Zwei Führungskräfte der Einrichtung wurden in Untersuchungshaft genommen - später dann aber wieder auf freien Fuß gesetzt, weil sich der Verdacht auf versuchten Totschlag nicht erhärten ließ. Indes, die Staatsanwaltschaft Bamberg ermittelt weiter. Ginge es nach dem am Dienstag zum Ausdruck gebrachten Willen aller Abgeordneten im Gesundheitsausschuss, so sollten die Ermittlungen "so rasch wie möglich abgeschlossen werden".

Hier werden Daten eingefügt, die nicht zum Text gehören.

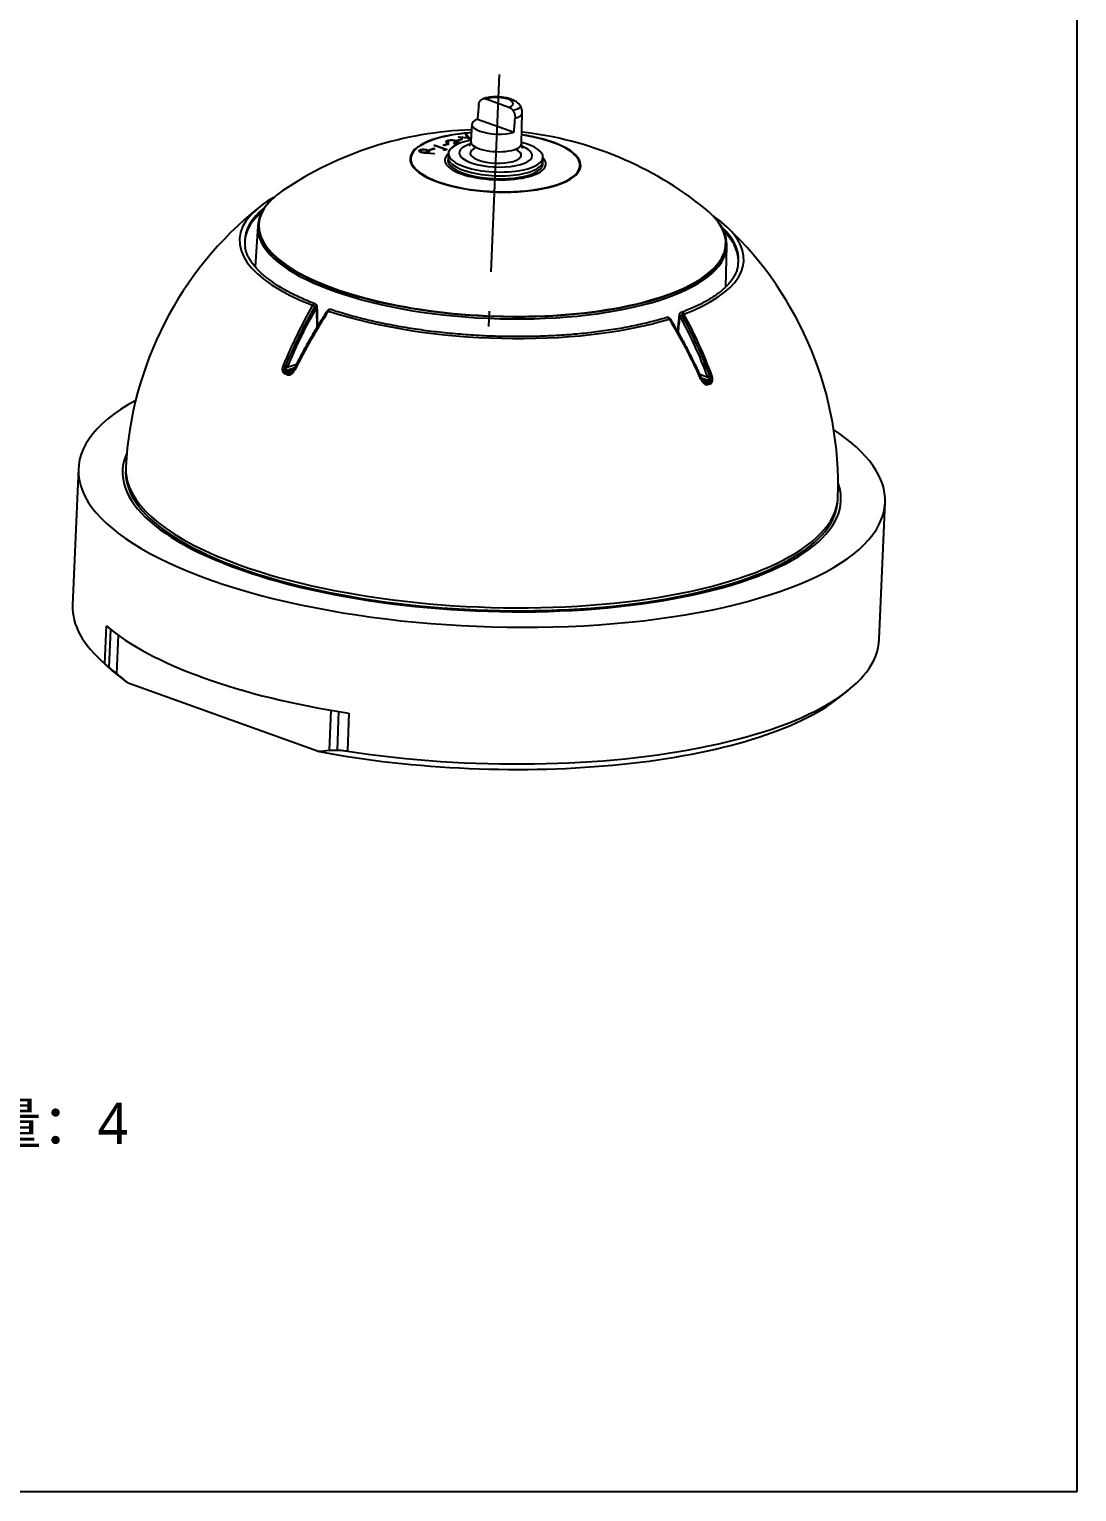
# Model space of a CAD drawing. Header units: millimetres. Extents: x 1044 to 1544, y -1743 to -1389.
# Drawn here: x 1375.2 to 1543.9, y -1742.6 to -1507.1 of the extents above; entities that cross this region are included whole.
import ezdxf

# ---------------------------------------------------------------- set-up
doc = ezdxf.new("R2010")
doc.units = ezdxf.units.MM
doc.linetypes.add('CENTER', pattern=[50.8, 31.75, -6.35, 6.35, -6.35])
doc.layers.add('1', color=7, linetype='Continuous', true_color=0xffffff)
doc.layers.add('21', color=7, linetype='Continuous', true_color=0xffffff)
doc.layers.add('moldbase', color=7, linetype='Continuous', lineweight=20)
doc.styles.get("Standard").update_dxf_attribs({"font": 'arial.ttf'})

# ---------------------------------------------------------------- blocks, each defined once
blk = doc.blocks.new('TK')
for p, q in [((415.8, 294), (415.8, 0)), ((415.8, 0), (0, 0))]:
    blk.add_line(p, q)

msp = doc.modelspace()

# ---------------------------------------------------------------- linework, layer by layer
at = {"layer": '1', "color": 1, "linetype": 'CENTER'}
msp.add_line((1450.846, -1514.424), (1449.139, -1554.95), dxfattribs=at)
at = {"layer": '21', "color": 7, "linetype": 'Continuous'}
for p, q in [((1448.779, -1518.331), (1452.423, -1519.644)), ((1454.467, -1525.552), (1454.585, -1520.515)), ((1446.473, -1522.398), (1446.302, -1525.208)), ((1447.36, -1521.578), (1453.264, -1523.705)), ((1440.362, -1525.804), (1440.524, -1525.749)), ((1442.113, -1526.435), (1440.362, -1525.804)), ((1440.524, -1525.749), (1440.52, -1525.861)), ((1440.524, -1525.749), (1442.475, -1526.452)), ((1441.845, -1525.755), (1442.539, -1525.518)), ((1442.045, -1525.827), (1441.845, -1525.755)), ((1442.739, -1525.59), (1442.045, -1525.827)), ((1442.539, -1525.518), (1442.534, -1525.66)), ((1442.539, -1525.518), (1442.739, -1525.59)), ((1442.715, -1525.371), (1442.553, -1525.426)), ((1442.586, -1525.225), (1442.568, -1525.413)), ((1442.579, -1525.014), (1442.579, -1525.205)), ((1443.712, -1525.487), (1443.512, -1525.415)), ((1443.597, -1525.753), (1443.759, -1525.698)), ((1443.759, -1525.698), (1443.757, -1525.779)), ((1444.043, -1525.316), (1444.03, -1525.42)), ((1444.066, -1524.998), (1444.76, -1524.761)), ((1444.266, -1525.07), (1444.066, -1524.998)), ((1444.26, -1524.476), (1444.447, -1524.412)), ((1445.844, -1524.634), (1444.26, -1524.476)), ((1444.96, -1524.834), (1444.266, -1525.07)), ((1444.447, -1524.412), (1444.445, -1524.494)), ((1444.447, -1524.412), (1445.779, -1524.545)), ((1444.655, -1525.389), (1444.652, -1525.424)), ((1444.76, -1524.761), (1444.754, -1524.904)), ((1444.76, -1524.761), (1444.96, -1524.834)), ((1445.438, -1524.075), (1445.625, -1524.011)), ((1445.779, -1524.545), (1445.438, -1524.075)), ((1445.549, -1524.228), (1445.611, -1524.206)), ((1445.625, -1524.011), (1445.611, -1524.206)), ((1445.611, -1524.206), (1446.014, -1524.761)), ((1445.625, -1524.011), (1446.031, -1524.57)), ((1445.779, -1524.545), (1445.782, -1524.627)), ((1446.136, -1525.036), (1445.844, -1524.634)), ((1446.031, -1524.57), (1446.014, -1524.761)), ((1446.014, -1524.761), (1446.082, -1524.768)), ((1446.031, -1524.57), (1446.339, -1524.601)), ((1446.095, -1524.659), (1446.073, -1524.842)), ((1446.073, -1524.842), (1446.205, -1525.024)), ((1446.334, -1524.682), (1446.095, -1524.659)), ((1446.095, -1524.659), (1446.317, -1524.964)), ((1446.302, -1525.208), (1446.301, -1525.217)), ((1438.175, -1526.514), (1438.175, -1526.705)), ((1438.378, -1526.857), (1438.37, -1526.951)), ((1440.42, -1527.187), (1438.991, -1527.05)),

"Das Ermittlungsverfahren zieht sich schon sehr lange hin. Es wäre hilfreich, wenn es schneller ginge", sagte etwa der CSU-Abgeordnete Steffen Vogel. Und er erntete dafür Zustimmung. Jedoch, die Abgeordneten werden sich gedulden müssen. "Wir rechnen nicht vor Herbst mit einem Verfahrensabschluss", sagte der Bamberger Oberstaatsanwalt Matthias Bachmann der SZ. Ein Grund dafür: Der Staatsanwaltschaft liege zum Beispiel noch nicht der Schlussbericht der Polizei vor. Der Tatvorwurf lautet auf vorsätzliche Körperverletzung sowie die Misshandlung von Schutzbefohlenen. "Im Herbst", so hob Bachmann hervor, "werden wir entscheiden, in welchen Punkten Anklage erhoben werden kann, beziehungsweise für welchen Teil eine Einstellung erfolgen muss."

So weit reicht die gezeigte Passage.